# opinions on this?



## eoj89 (Jun 20, 2013)

Tiger Temple - Wikipedia, the free encyclopedia

take from it what you wish and drop your opinions in this thread :whistling2:

buddhism and tigers are just some things that interest me :blush:


----------



## SiUK (Feb 15, 2007)

They are not actually tigers though, they are reincarnated monks


----------



## adwraith (May 16, 2011)

SiUK said:


> They are not actually tigers though, they are reincarnated monks


if that's true i want to know what evils they did as monks in the previous life...! don't get me started ha :devil:


----------



## eoj89 (Jun 20, 2013)

is it just me that wants to go there? :lol2:


----------



## PDR (Nov 27, 2008)

Im pretty sure this is the place that was covered in a recent Urban Jungles Radio Podcast..... the place was exposed as a very cruel venture that exploited these wonderful creatures. ..... recommendation was to boycott the place.

PS, just found the links:
https://www.facebook.com/cee4life.org/posts/601215033241747
and 
https://www.facebook.com/BehindtheCloakBuddha?filter=3


----------



## fenhawk1 (Jul 9, 2010)

Have you seen the snake temple in Penang?


----------



## eoj89 (Jun 20, 2013)

fenhawk1 said:


> Have you seen the snake temple in Penang?
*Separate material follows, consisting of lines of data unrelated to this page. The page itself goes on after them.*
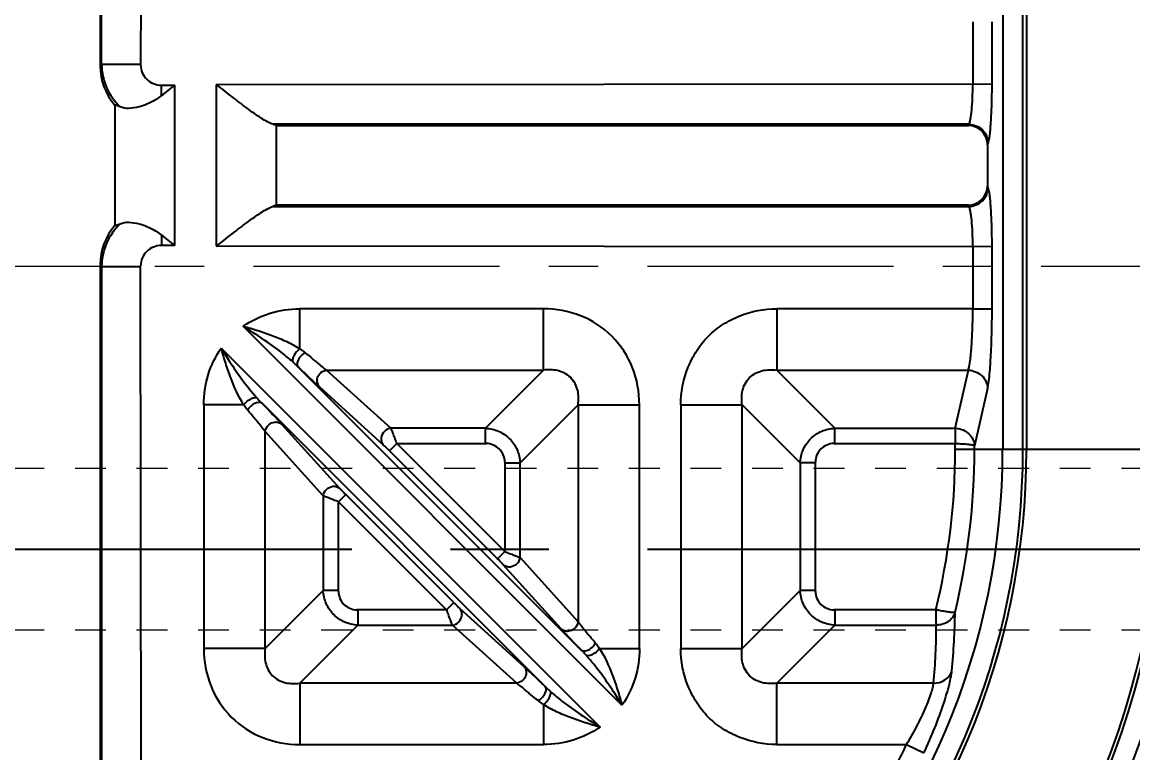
# Model space of a CAD drawing. Header units: millimetres. Extents: x 2141 to 4292, y -4498 to 2648.
# Drawn here: x 3425.3 to 3480.3, y -250.3 to -214.1 of the extents above; entities that cross this region are included whole.
import ezdxf

# ---------------------------------------------------------------- set-up
doc = ezdxf.new("R2010")
doc.units = ezdxf.units.MM
doc.header["$LTSCALE"] = 16.335
doc.header["$PDMODE"] = 3
doc.header["$PDSIZE"] = 0.3125
doc.linetypes.add('CENTER', pattern=[0.6, 0.375, -0.075, 0.075, -0.075])
doc.linetypes.add('HIDDEN', pattern=[0.2, 0.1, -0.1])
doc.layers.get('0').update_dxf_attribs({"linetype": 'CONTINUOUS'})
doc.layers.get('Defpoints').update_dxf_attribs({"linetype": 'CONTINUOUS'})
doc.layers.add('21', color=7, linetype='CONTINUOUS')
doc.layers.add('center', color=1, linetype='CENTER', lineweight=9)
doc.layers.add('cool', color=153, linetype='HIDDEN', lineweight=9)
doc.styles.get("Standard").update_dxf_attribs({"font": 'txt', "width": 0.8})
doc.dimstyles.get("Standard").update_dxf_attribs({"dimtxt": 0.15625, "dimasz": 0.1875, "dimexe": 0.125, "dimexo": 0.0625, "dimtad": 0, "dimtih": 1, "dimtoh": 1, "dimdsep": 46, "dimtxsty": 'Standard', "dimcen": 0.09, "dimadec": 0, "dimazin": 0, "dimtp": 0.01, "dimtm": 0.01, "dimtfac": 1, "dimtofl": 0, "dimtmove": 0, "dimatfit": 3, "dimfxl": 0, "dimtolj": 1, "dimarcsym": 0})

# ---------------------------------------------------------------- blocks, each defined once
blk = doc.blocks.new('*D51')
at = {"color": 4, "lineweight": -2}
blk.add_line((3563.281, -226.18), (3589.582, -226.18), dxfattribs=at)
at = {"layer": 'Defpoints', "color": 0}
for p in [(3421.161, -226.18), (3563.281, -226.18), (3589.582, -226.18)]:
    blk.add_point(p, dxfattribs=at)
at = {"color": 6, "insert": (3594.582, -226.18), "char_height": 5, "attachment_point": 5}
blk.add_mtext('\\A1;0.00', dxfattribs=at)
blk = doc.blocks.new('*D52')
at = {"color": 4, "lineweight": -2}
blk.add_line((3573.796, -240.18), (3589.582, -240.18), dxfattribs=at)
at = {"layer": 'Defpoints', "color": 0}
for p in [(3421.161, -226.18), (3573.796, -240.18), (3589.582, -240.18)]:
    blk.add_point(p, dxfattribs=at)
at = {"color": 6, "insert": (3596.248, -240.18), "char_height": 5, "attachment_point": 5}
blk.add_mtext('\\A1;14.00', dxfattribs=at)
blk = doc.blocks.new('*D53')
at = {"color": 4, "lineweight": -2}
blk.add_line((3561.235, -283.18), (3589.582, -283.18), dxfattribs=at)
at = {"layer": 'Defpoints', "color": 0}
for p in [(3421.161, -226.18), (3561.235, -283.18), (3589.582, -283.18)]:
    blk.add_point(p, dxfattribs=at)
at = {"color": 6, "insert": (3596.915, -283.18), "char_height": 5, "attachment_point": 5}
blk.add_mtext('\\A1;57.00', dxfattribs=at)
blk = doc.blocks.new('*D54')
at = {"color": 4, "lineweight": -2}
blk.add_line((3481.854, -307.968), (3589.582, -307.968), dxfattribs=at)
at = {"layer": 'Defpoints', "color": 0}
for p in [(3421.161, -226.18), (3481.854, -307.968), (3589.582, -307.968)]:
    blk.add_point(p, dxfattribs=at)
at = {"color": 6, "insert": (3596.915, -307.968), "char_height": 5, "attachment_point": 5}
blk.add_mtext('\\A1;81.79', dxfattribs=at)
blk = doc.blocks.new('*D55')
at = {"color": 4, "lineweight": -2}
blk.add_line((3516.556, -324.18), (3589.582, -324.18), dxfattribs=at)
at = {"layer": 'Defpoints', "color": 0}
for p in [(3421.161, -226.18), (3516.556, -324.18), (3589.582, -324.18)]:
    blk.add_point(p, dxfattribs=at)
at = {"color": 6, "insert": (3596.915, -324.18), "char_height": 5, "attachment_point": 5}
blk.add_mtext('\\A1;98.00', dxfattribs=at)
blk = doc.blocks.new('*D56')
at = {"color": 4, "lineweight": -2}
blk.add_line((3547.495, -344.18), (3589.582, -344.18), dxfattribs=at)
at = {"layer": 'Defpoints', "color": 0}
for p in [(3421.161, -226.18), (3547.495, -344.18), (3589.582, -344.18)]:
    blk.add_point(p, dxfattribs=at)
at = {"color": 6, "insert": (3597.582, -344.18), "char_height": 5, "attachment_point": 5}
blk.add_mtext('\\A1;118.00', dxfattribs=at)
blk = doc.blocks.new('*D58')
at = {"color": 4, "lineweight": -2}
blk.add_line((3474.154, -315.668), (3474.154, -389.677), dxfattribs=at)
at = {"layer": 'Defpoints', "color": 0}
for p in [(3421.161, -226.18), (3474.154, -315.668), (3474.154, -389.677)]:
    blk.add_point(p, dxfattribs=at)
at = {"color": 6, "insert": (3474.154, -397.677), "char_height": 5, "attachment_point": 5, "rotation": 90}
blk.add_mtext('\\A1;52.99', dxfattribs=at)
blk = doc.blocks.new('*D59')
at = {"color": 4, "lineweight": -2}
blk.add_line((3549.662, -339.842), (3549.662, -389.677), dxfattribs=at)
at = {"layer": 'Defpoints', "color": 0}
for p in [(3421.161, -226.18), (3549.662, -339.842), (3549.662, -389.677)]:
    blk.add_point(p, dxfattribs=at)
at = {"color": 6, "insert": (3549.662, -398.677), "char_height": 5, "attachment_point": 5, "rotation": 90}
blk.add_mtext('\\A1;128.50', dxfattribs=at)
blk = doc.blocks.new('*D61')
at = {"color": 4, "lineweight": -2}
blk.add_line((3527.113, -219.255), (3527.113, -60.351), dxfattribs=at)
at = {"layer": 'Defpoints', "color": 0}
for p in [(3527.113, -60.351), (3527.113, -219.255), (3421.161, -226.18)]:
    blk.add_point(p, dxfattribs=at)
at = {"color": 6, "insert": (3527.113, -51.351), "char_height": 5, "attachment_point": 5, "rotation": 90}
blk.add_mtext('\\A1;105.95', dxfattribs=at)
blk = doc.blocks.new('*D62')
at = {"color": 4, "lineweight": -2}
blk.add_line((3549.662, -116.98), (3549.662, -60.351), dxfattribs=at)
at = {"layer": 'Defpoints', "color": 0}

wow, _that_ is somewhere i'd never visit.


----------



## fenhawk1 (Jul 9, 2010)

Penang? Or the temple?


----------



## eoj89 (Jun 20, 2013)

fenhawk1 said:


> Penang? Or the temple?


the temple :whistling2:


----------



## fenhawk1 (Jul 9, 2010)

eoj89 said:


> the temple :whistling2:


Why? I don't know how it is nowadays but they used to just let pit vipers wander in, they have these branches which they just chill on.


----------



## eoj89 (Jun 20, 2013)

fenhawk1 said:


> Why? I don't know how it is nowadays but they used to just let pit vipers wander in, they have these branches which they just chill on.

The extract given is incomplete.